The true nature of the “Tully monster” may once again be a mystery.

Just last year, some researchers declared that the extinct aquatic animal was a vertebrate, possibly a relative of today’s lampreys. Not so fast, says vertebrate paleontologist Lauren Sallan. Like a mismatched puzzle, the Tully monster lacks some vertebrate pieces and has others that are the wrong shape, Sallan and colleagues report in the March issue of Palaeontology.

Tullimonstrum gregarium didn’t get its monstrous name because of its size. Only about a foot long, the oddball creature, which lived about 300 million years ago, sported wide-set eyes like a hammerhead shark and a pincerlike mouth at the end of a long trunk. In the past, it’s been lumped in with everything from sea slugs to arthropods.

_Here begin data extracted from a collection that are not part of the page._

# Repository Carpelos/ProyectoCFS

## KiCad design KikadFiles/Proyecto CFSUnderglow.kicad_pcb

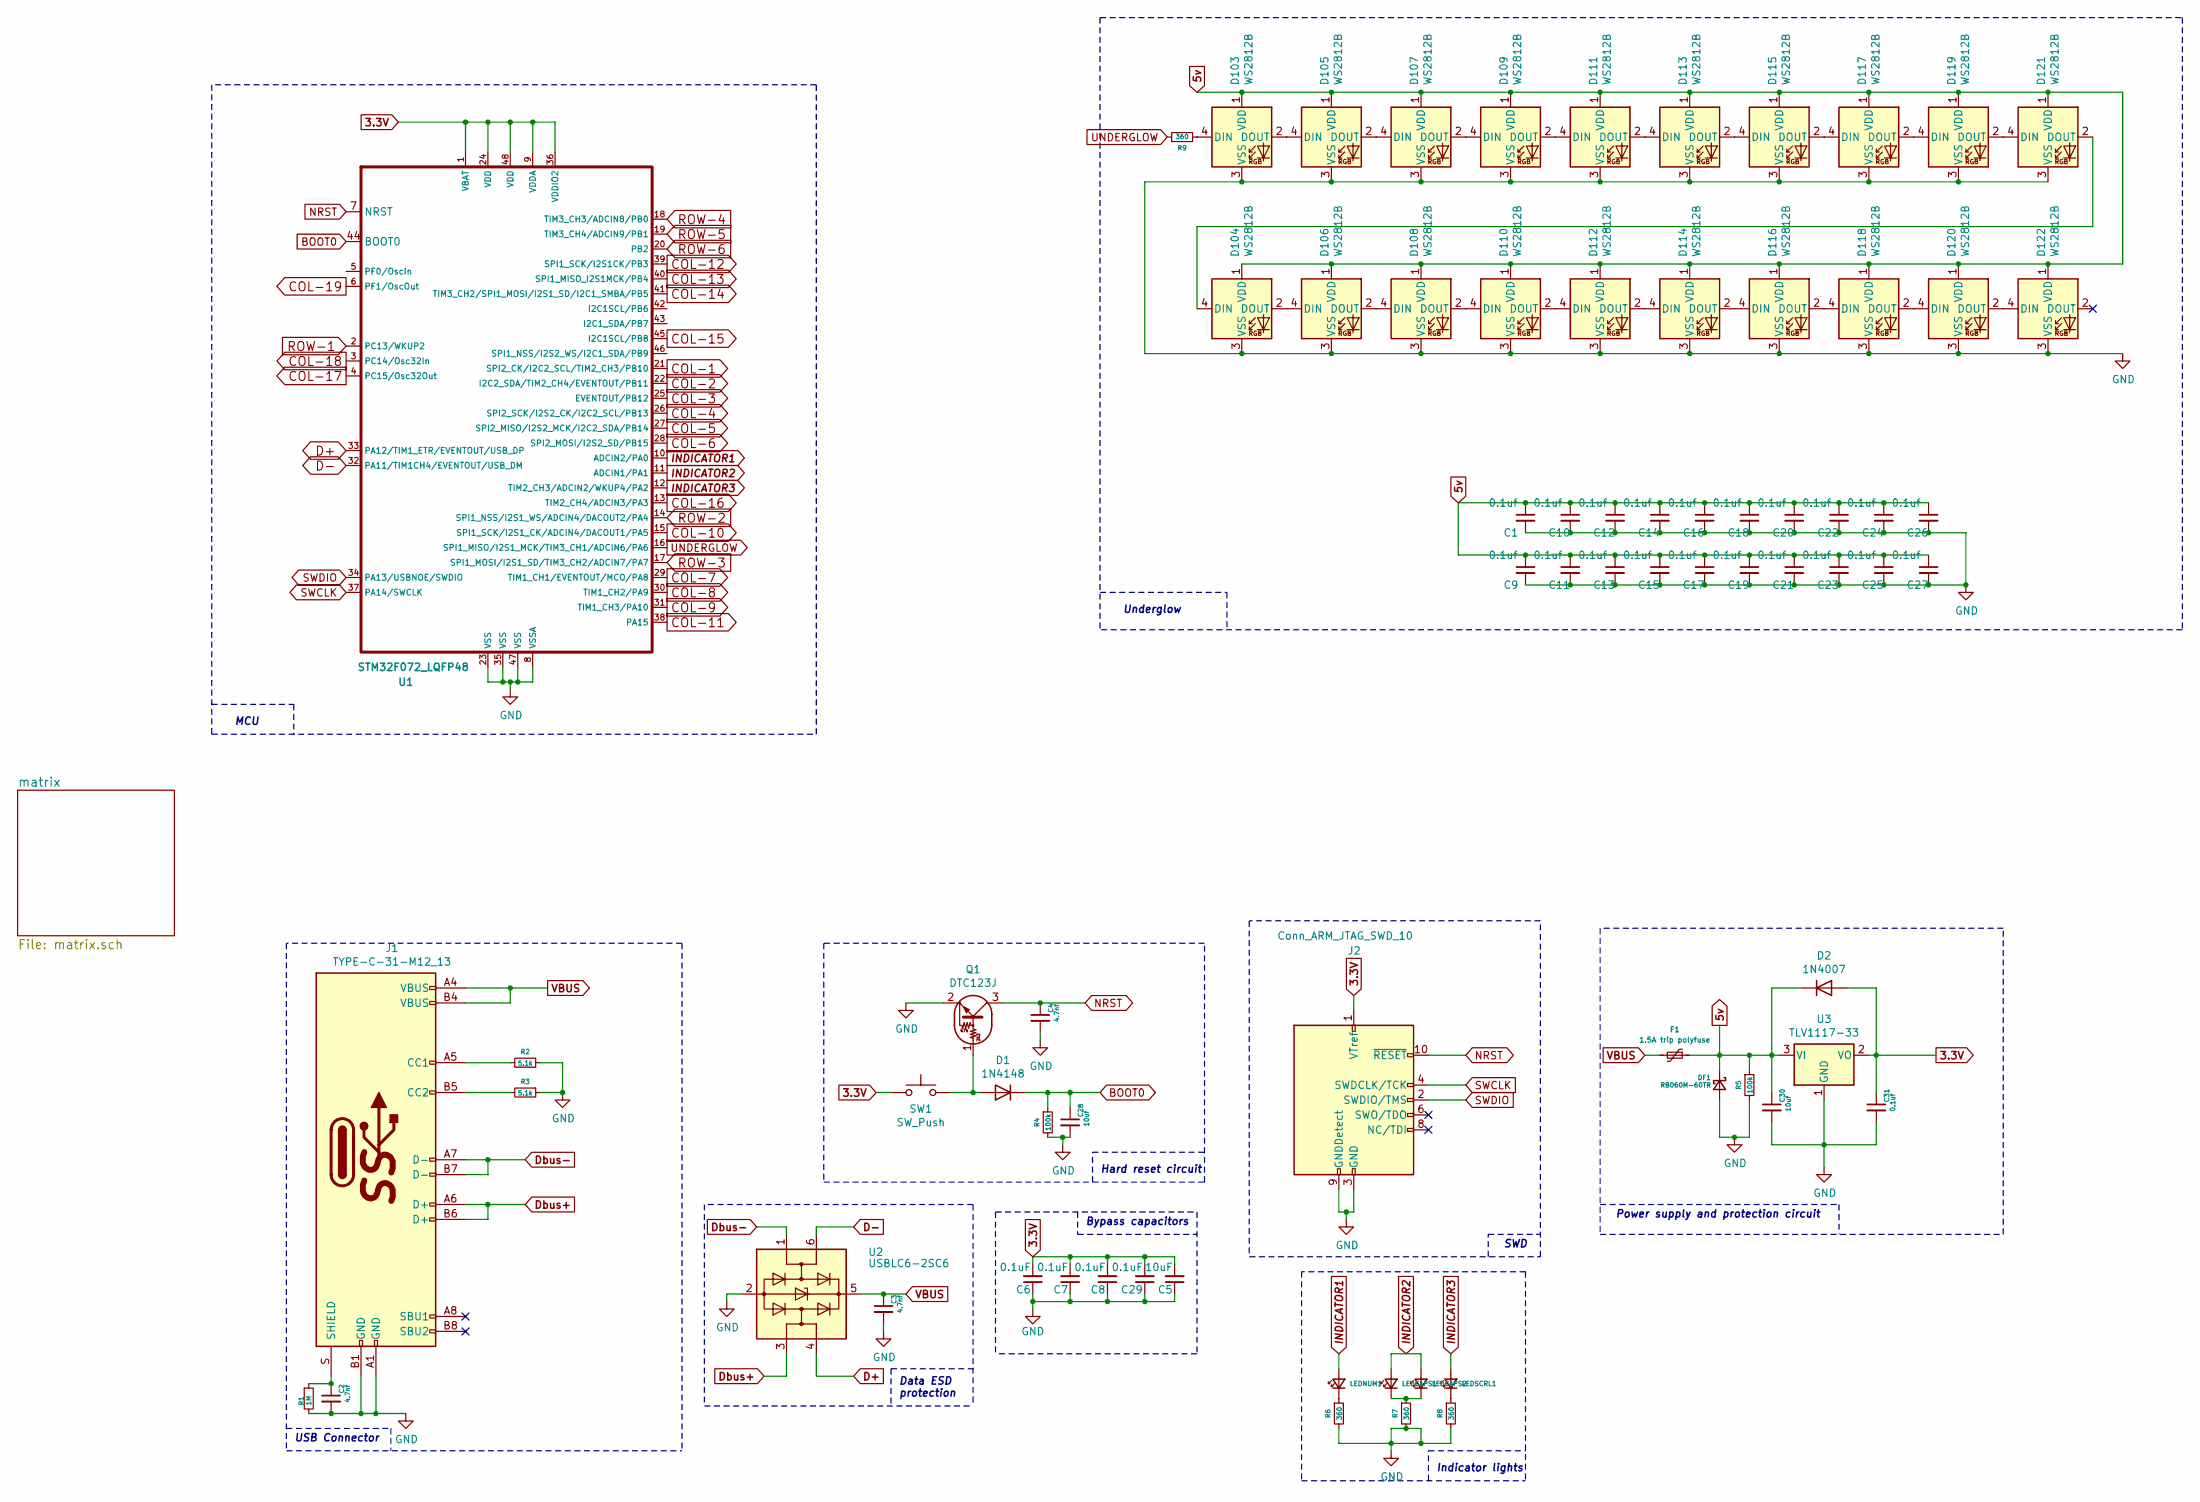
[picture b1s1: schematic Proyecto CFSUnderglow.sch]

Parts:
C1, C9, C10, C11, C12, C13, C14, C15, C16, C17, C18, C19, C20, C21, C22, C23, C24, C25, C26, C27, C31: 0.1uf; C_0805_2012Metric_Pad1.15x1.40mm_HandSolder
C2, C3, C4: 4.7nf; C_0805_2012Metric_Pad1.15x1.40mm_HandSolder
C5: 10uF; C_0805_2012Metric_Pad1.15x1.40mm_HandSolder
C6, C7, C8, C29: 0.1uF; C_0805_2012Metric_Pad1.15x1.40mm_HandSolder
C28, C30: 10uf; C_0805_2012Metric_Pad1.15x1.40mm_HandSolder
D1: 1N4148; D_SOD-123
D2: 1N4007; D_SOD-123
D103, D104, D105, D106, D107, D108, D109, D110, D111, D112, D113, D114, D115, D116, D117, D118, D119, D120, D121, D122: WS2812B; LED_WS2812B_PLCC4_5.0x5.0mm_P3.2mm
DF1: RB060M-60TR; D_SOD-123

Most recently, in a paper published in Nature in 2016, paleontologist Victoria McCoy, who was then at Yale University, argued that the Tully monster was a vertebrate (SN: 4/30/16, p. 5). Analysis of more than 1,200 Tully monster specimens dug up from Mazon Creek, a fossil hotbed in Illinois, revealed that the fossils appear to have notochords, a sort of spinal rod associated with some vertebrates, McCoy and colleagues concluded.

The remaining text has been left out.